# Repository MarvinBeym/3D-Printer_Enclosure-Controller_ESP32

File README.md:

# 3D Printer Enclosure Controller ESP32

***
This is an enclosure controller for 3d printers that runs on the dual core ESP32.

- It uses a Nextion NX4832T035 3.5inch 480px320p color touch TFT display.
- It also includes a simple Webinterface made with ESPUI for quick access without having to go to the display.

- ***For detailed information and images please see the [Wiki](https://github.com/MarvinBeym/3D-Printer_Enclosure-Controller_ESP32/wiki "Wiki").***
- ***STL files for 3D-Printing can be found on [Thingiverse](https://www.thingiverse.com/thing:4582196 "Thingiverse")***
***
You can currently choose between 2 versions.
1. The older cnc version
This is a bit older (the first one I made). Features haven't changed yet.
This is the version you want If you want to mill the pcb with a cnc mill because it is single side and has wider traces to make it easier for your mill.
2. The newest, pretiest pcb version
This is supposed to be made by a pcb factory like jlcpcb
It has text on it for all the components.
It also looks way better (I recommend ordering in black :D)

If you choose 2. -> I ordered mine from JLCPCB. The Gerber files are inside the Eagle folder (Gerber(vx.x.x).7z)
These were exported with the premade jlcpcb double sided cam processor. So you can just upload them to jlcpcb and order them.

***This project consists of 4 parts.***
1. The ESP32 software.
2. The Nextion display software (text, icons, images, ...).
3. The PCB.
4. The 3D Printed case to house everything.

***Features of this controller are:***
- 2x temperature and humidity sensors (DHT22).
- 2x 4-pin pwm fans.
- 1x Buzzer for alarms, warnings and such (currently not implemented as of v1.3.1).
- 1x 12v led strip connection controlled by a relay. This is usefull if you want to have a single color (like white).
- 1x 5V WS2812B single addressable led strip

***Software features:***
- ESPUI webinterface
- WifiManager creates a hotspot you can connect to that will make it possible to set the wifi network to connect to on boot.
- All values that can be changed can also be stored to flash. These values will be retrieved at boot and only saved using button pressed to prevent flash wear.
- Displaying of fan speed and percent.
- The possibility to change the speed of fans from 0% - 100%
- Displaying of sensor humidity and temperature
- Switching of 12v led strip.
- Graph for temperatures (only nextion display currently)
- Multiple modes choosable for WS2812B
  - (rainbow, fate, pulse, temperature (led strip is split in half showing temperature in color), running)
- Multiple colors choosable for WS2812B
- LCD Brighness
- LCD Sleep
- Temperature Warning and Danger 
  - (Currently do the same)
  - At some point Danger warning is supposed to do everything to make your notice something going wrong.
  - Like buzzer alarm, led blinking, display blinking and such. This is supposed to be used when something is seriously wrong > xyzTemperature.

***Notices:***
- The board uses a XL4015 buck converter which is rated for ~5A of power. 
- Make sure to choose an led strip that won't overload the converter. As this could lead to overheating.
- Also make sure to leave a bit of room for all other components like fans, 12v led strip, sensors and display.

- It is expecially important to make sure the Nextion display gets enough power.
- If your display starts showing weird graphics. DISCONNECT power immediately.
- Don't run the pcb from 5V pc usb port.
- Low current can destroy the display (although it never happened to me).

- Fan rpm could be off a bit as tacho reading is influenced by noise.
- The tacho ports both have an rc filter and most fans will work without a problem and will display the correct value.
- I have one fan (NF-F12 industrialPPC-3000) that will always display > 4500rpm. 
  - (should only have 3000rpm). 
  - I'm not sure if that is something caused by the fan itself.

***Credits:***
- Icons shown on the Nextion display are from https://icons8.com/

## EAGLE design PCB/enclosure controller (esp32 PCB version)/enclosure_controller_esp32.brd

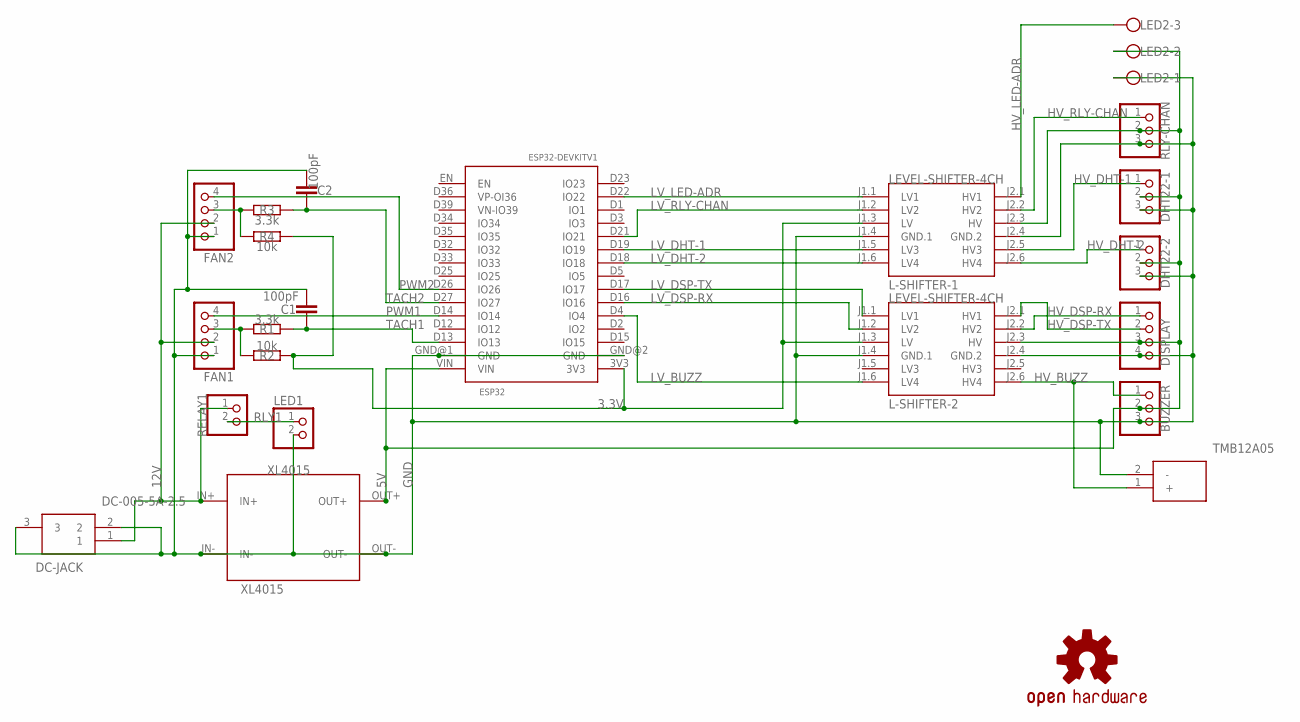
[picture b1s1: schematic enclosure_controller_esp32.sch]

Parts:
BUZZER: PINHD-1X3/OCT; 1X03/OCT
C1, C2: 100pF; C050-025X075
DC-JACK: DC-005-5A-2.5; DC0055A25
DHT22-1, DHT22-2: PINHD-1X3/OCT; 1X03/OCT
DISPLAY: PINHD-1X4/OCT; 1X04/OCT
ESP32: ESP32DEVKITV1; ESP32-DEVKITV1
FAN1, FAN2: PINHD-1X4/OCT; 1X04/OCT
L-SHIFTER-1, L-SHIFTER-2: LEVEL-SHIFTER-4CH
LED1: PINHD-1X2/OCT; 1X02/OCT
LED2: LED2-ADR; W237-103
LOGO1: OSHW-LOGOM; OSHW-LOGO-M
LS1: TMB12A05
R1, R3: 3.3k; 0207/10
R2, R4: 10k; 0207/10
RELAY1: PINHD-1X2/OCT; 1X02/OCT
RLY-CHAN: PINHD-1X3/OCT; 1X03/OCT
XL4015: XL4015

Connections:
3.3V: ESP32.3V3, L-SHIFTER-1.J1.3 (LV), L-SHIFTER-2.J1.3 (LV), R2.1, R4.1
5V: BUZZER.2, DHT22-1.2, DHT22-2.2, DISPLAY.3, ESP32.VIN, L-SHIFTER-1.J2.3 (HV), L-SHIFTER-2.J2.3 (HV), LED2.2, RLY-CHAN.2, XL4015.OUT+
12V: DC-JACK.1, FAN1.2, FAN2.2, RELAY1.1, XL4015.IN+
GND: BUZZER.3, C1.2, C2.1, DC-JACK.2, DC-JACK.3, DHT22-1.3, DHT22-2.3, DISPLAY.4, ESP32.GND@1 (GND), ESP32.GND@2 (GND), FAN1.1, FAN2.1, L-SHIFTER-1.J1.4 (GND.1), L-SHIFTER-1.J2.4 (GND.2), L-SHIFTER-2.J1.4 (GND.1), L-SHIFTER-2.J2.4 (GND.2), LED1.2, LED2.1, LS1.2 (-), RLY-CHAN.3, XL4015.IN-, XL4015.OUT-
HV_BUZZ: BUZZER.1, L-SHIFTER-2.J2.6 (HV4), LS1.1 (+)
HV_DHT-1: DHT22-1.1, L-SHIFTER-1.J2.5 (HV3)
HV_DHT-2: DHT22-2.1, L-SHIFTER-1.J2.6 (HV4)
HV_DSP-RX: DISPLAY.1, L-SHIFTER-2.J2.2 (HV2)
HV_DSP-TX: DISPLAY.2, L-SHIFTER-2.J2.1 (HV1)
HV_LED-ADR: L-SHIFTER-1.J2.1 (HV1), LED2.3
HV_RLY-CHAN: L-SHIFTER-1.J2.2 (HV2), RLY-CHAN.1
LV_BUZZ: ESP32.D4 (IO4), L-SHIFTER-2.J1.6 (LV4)
LV_DHT-1: ESP32.D19 (IO19), L-SHIFTER-1.J1.5 (LV3)
LV_DHT-2: ESP32.D18 (IO18), L-SHIFTER-1.J1.6 (LV4)
LV_DSP-RX: ESP32.D16 (IO16), L-SHIFTER-2.J1.2 (LV2)
LV_DSP-TX: ESP32.D17 (IO17), L-SHIFTER-2.J1.1 (LV1)
LV_LED-ADR: ESP32.D22 (IO22), L-SHIFTER-1.J1.1 (LV1)
LV_RLY-CHAN: ESP32.D21 (IO21), L-SHIFTER-1.J1.2 (LV2)
PWM1: ESP32.D14 (IO14), FAN1.4
PWM2: ESP32.D26 (IO26), FAN2.4
RLY1: LED1.1, RELAY1.2
TACH1: C1.1, ESP32.D13 (IO13), FAN1.3, R1.1, R1.2, R2.2
TACH2: C2.2, ESP32.D27 (IO27), FAN2.3, R3.1, R3.2, R4.2

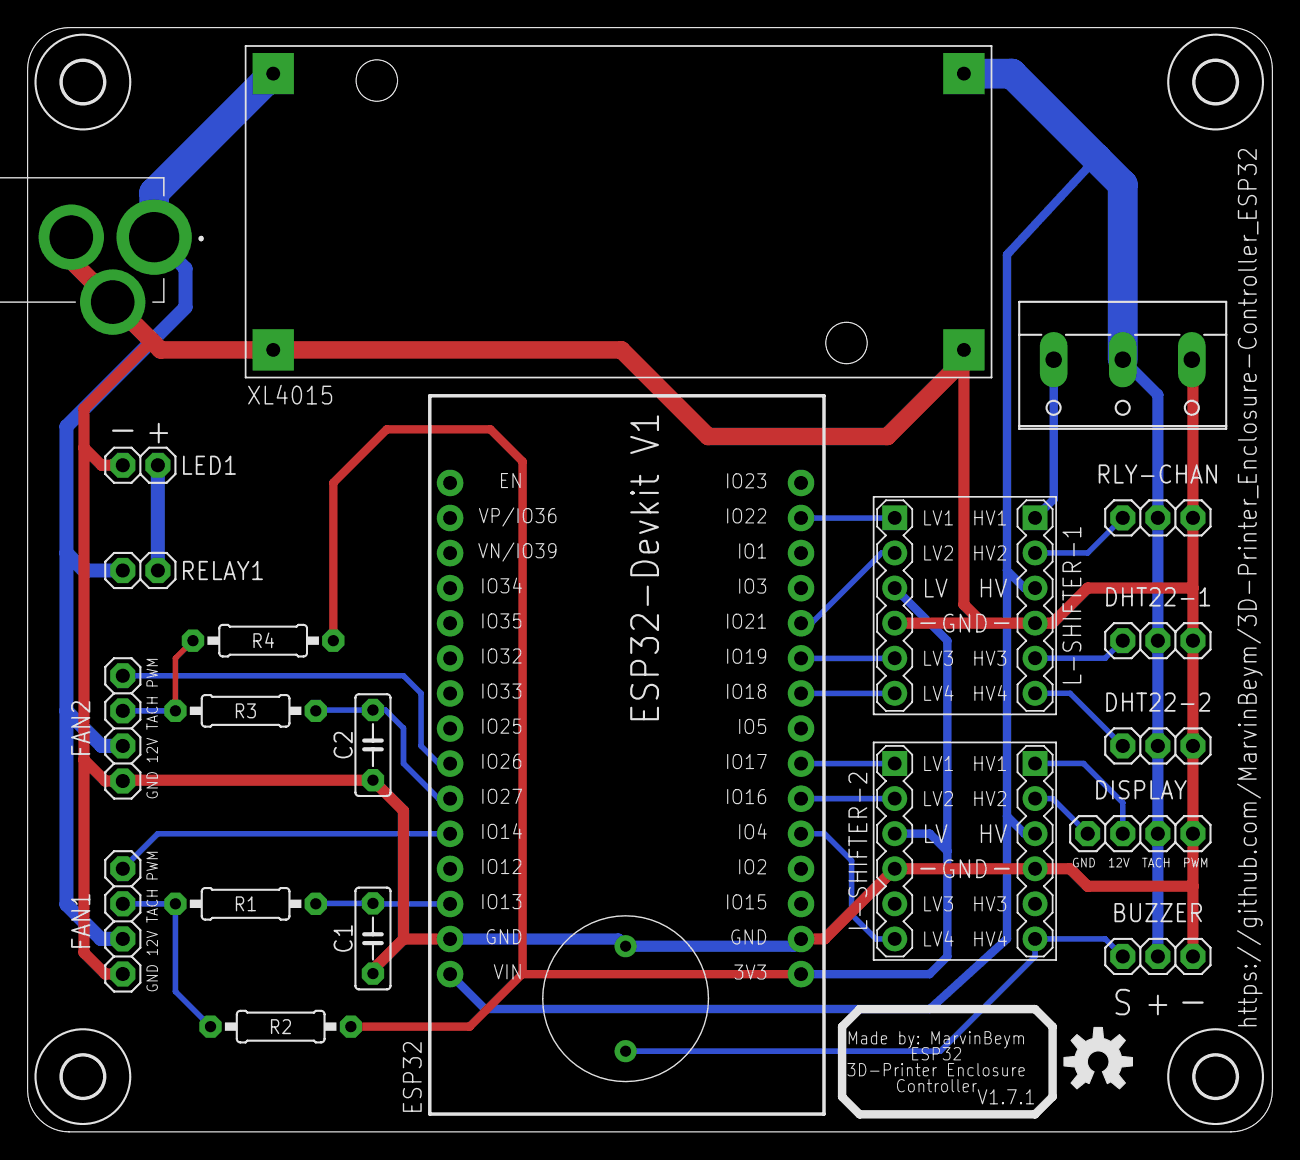
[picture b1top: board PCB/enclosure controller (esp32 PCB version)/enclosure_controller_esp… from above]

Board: 2 copper layers, 90.1 x 79.9 mm, 27 parts (0 on the bottom side), 23 nets.

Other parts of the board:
U$1, U$2, U$3, U$4: 3,0

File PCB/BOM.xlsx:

This file includes all components needed to assemble the pcb
Based on pcb version: 1.7.1
PCB itself
Position | Amount | Name | Value | Where to get (mostly banggood -> depending on your location you should look at 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
R1, R3 |  | Resistor 0207/10 or probably any other | 3.3k Ohm | https://www.banggood.com/Wholesale-Geekcreit-600pcs-30-Kinds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
R2, R4 |  | Resistor 0207/10 or probably any other | 10k Ohm
C1, C2 |  | Condensator C050-025X075 or probably any other | 100pF | https://www.banggood.com/1000Pcs-50-Value-50V-Ceramic-Capaci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
XL4015 | 1 | XL4015 buck converter (not the single chip) |  | https://www.banggood.com/XL4015-5A-DC-DC-Step-Down-Adjustabl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
DC-005-5A-2.5 | 1 | DC-005-5A-2.5 dc jack | 5A | https://lcsc.com/product-detail/AC-DC-Power-Plugs-Receptacle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
LED2-ADR | 1 | 3-Pin W237-103 = Screw terminal |  | https://www.banggood.com/10pcs-5mm-KF-301-3-Pin-PCB-Mount-Bl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
IN+, IN-, OUT+, OUT- | 4 | 1-Pin Male Header |  | https://www.banggood.com/10Pcs-40-Pin-2_54mm-Male-Female-SIL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
LED1, RELAY1 | 2 | 2-Pin Male Header
RLY-CHAN, DHT22-1, DHT22-2, BUZZER | 4 | 3-Pin Male Header
DISPLAY, FAN1, FAN2 | 3 | 4-Pin Male Header
L-SHIFTER-1, L-SHIFTER-2 | 4 | 6-Pin Female Header
ESP32 | 2 | 15-Pin Female Header
Other components (You can choose less/none for some)
 | 2 | DHT22 Temperature and Humidity Sensor (with Pullup on sensor) (you can solder y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 | NEEDS PULLUP | https://www.banggood.com/3Pcs-AM2302-DHT22-Temperature-And-H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
 | 1 | KY-019 (or any other) Relay (for 12V led |  | https://www.banggood.com/3Pcs-5V-Relay-5-12V-TTL-Signal-1-Ch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
 | 2 | 4-Pin PWM fans |  | Choose your own
 | 1 | ESP32 (30pin) |  | https://www.banggood.com/Geekcreit-ESP32-WiFi+bluetooth-Deve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
 | 1 | Buzzer (no use currently) either connected to BUZZER or below esp32 |  | Choose your own
 | 1 | 12 Power supply >5A | Recommend > 5A | Choose your own
 | 1 | WS2812B | DONT BUY RGBW | Choose your own based on liking
 | 1 | 12v Led strip |  | Choose your own based on liking

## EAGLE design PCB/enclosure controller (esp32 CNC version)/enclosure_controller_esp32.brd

________________________________________

YOUR TASK: All that is wanted is a faithful reproduction of the line above with "- The possibility", the line with "- Make sure", and every line in between.

YOUR RESPONSE:
- The possibility to change the speed of fans from 0% - 100%
- Displaying of sensor humidity and temperature
- Switching of 12v led strip.
- Graph for temperatures (only nextion display currently)
- Multiple modes choosable for WS2812B
  - (rainbow, fate, pulse, temperature (led strip is split in half showing temperature in color), running)
- Multiple colors choosable for WS2812B
- LCD Brighness
- LCD Sleep
- Temperature Warning and Danger 
  - (Currently do the same)
  - At some point Danger warning is supposed to do everything to make your notice something going wrong.
  - Like buzzer alarm, led blinking, display blinking and such. This is supposed to be used when something is seriously wrong > xyzTemperature.

***Notices:***
- The board uses a XL4015 buck converter which is rated for ~5A of power. 
- Make sure to choose an led strip that won't overload the converter. As this could lead to overheating.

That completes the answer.